§ Task details
Among the entries below, find the lines holding "coincident" and copy them.

§ Entries provided
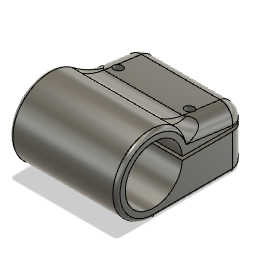
29part (Autodesk Fusion 360 design; units mm, degrees)
Autodesk Fusion 360 part; units mm, degrees
sketch "Sketch1" plane through (0, 0, 0) normal (1, 0, 0) x (0, 0, -1)
  circle A0 centre (0, 0) radius 16
  circle A1 centre (0, 0) radius 21
  line L0 (15.654332, 13.997925) -> (52, 9)
  line L1 (52, 9) -> (52, -21)
  line L2 (52, -21) -> (0, -21)
  line L3 (0, -21) -> (15.654332, 13.997925)
  line L4 (21, 8) -> (42, 8)
  line L5 (42, 8) -> (42, -21)
  line L6 (42, -21) -> (21, -21)
  line L7 (21, -21) -> (21, 8)
  line L8 (0, 1) -> (52, 1)
  line L9 (52, 1) -> (52, -1)
  line L10 (52, -1) -> (0, -1)
  line L11 (0, -1) -> (0, 1)
  dimension "d1" = 32
  dimension "d2" = 5
  dimension "d3" = 21
  dimension "d4" = 29
  dimension "d5" = 10
  dimension "d6" = 30
  dimension "d7" = 2
  constraint coincident A0.centre A1.centre
  constraint vertical L1
  constraint horizontal L2
  constraint coincident A1 L2.end
  constraint horizontal L4
  constraint vertical L5
  constraint horizontal L6
  constraint vertical L7
  constraint tangent A1 L7
  constraint collinear L2 L6
  constraint tangent A1 L2
  constraint tangent A0 L0
  constraint horizontal L8
  constraint vertical L9
  constraint horizontal L10
  constraint vertical L11
  constraint collinear L1 L9
  constraint midpoint A0.centre L11
  measures "d1" diameter of A0
  measures "d3" distance of L4.start L4.end
  measures "d4" distance of L4.start L6.end
  measures "d5" distance of L1 L5
  measures "d6" distance of L0.end L1.end
  measures "d7" distance of L8.end L9.end
extrude "Extrude1" add sketch "Sketch1" along normal blind 60 contours A0 A1 L3 L8 | A0 A1 L3 L10 | A0 A1 L3 | A1 L0 L1 L4 L5 L7 L8 | A1 L2 L7 L10 | L4 L5 L7 L8 | L2 L5 L6 L7 L10 | L1 L2 L5 L10 picked at (19.196767, 1.947608) picked at (19.194091, -1.961902) picked at (13.661076, 13.612607) picked at (48.666667, 6) picked at (16.637773, -17.108181) picked at (35, 5.666667) picked at (35, -14.333333) picked at (45.333333, -7.666667)
extrude "Extrude2" cut sketch "Sketch1" along normal mid plane 21 from surface at 30 contours L5 L7 L8 L10 | L4 L5 L7 L8 | L2 L5 L6 L7 L10 picked at (35, 0) picked at (35, 5.666667) picked at (35, -14.333333)
fillet "Fillet1" radius 2 4 edges at (60, 8.574485, 19.169721) (60, -21, -26) (0, 8.574485, 19.169721) (0, -21, -26)
fillet "Fillet2" radius 8 10 edges at (0, 11.727454, -32.165543) (0, 5, -52) (30, 9, -52) (0, -10, -52) (0.585786, -20.414214, -52) (30, -21, -52) (59.414214, -20.414214, -52) (60, -10, -52) (60, 5, -52) (60, 11.727454, -32.165543)
fillet "Fillet3" radius 30 5 edges at (0.551675, 8.473165, -18.534307) (4.570163, 13.115103, -16.40074) (30, 13.997925, -15.654332) (55.429837, 13.115103, -16.40074) (59.448325, 8.473165, -18.534307)
ref_plane "WorkPlane1" through (30, -22, -26) normal (0, -1, 0) x (0, 0, -1)
sketch "Sketch2" plane through (30, -22, -22) normal (0, -1, 0) x (1, 0, 0)
  circle A0 centre (-20, -8) radius 2.5
  circle A1 centre (20, -8) radius 2.5
  dimension "d17" = 5
  dimension "d20" = 40
  dimension "d21" = 0
  measures "d17" diameter of A0
extrude "Extrude3" cut sketch "Sketch2" against normal through all contours A0 | A1 picked at (-20.304451, -8.667648) picked at (19.695549, -8.667648)

§ Answer to this task
  constraint coincident A0.centre A1.centre
  constraint coincident A1 L2.end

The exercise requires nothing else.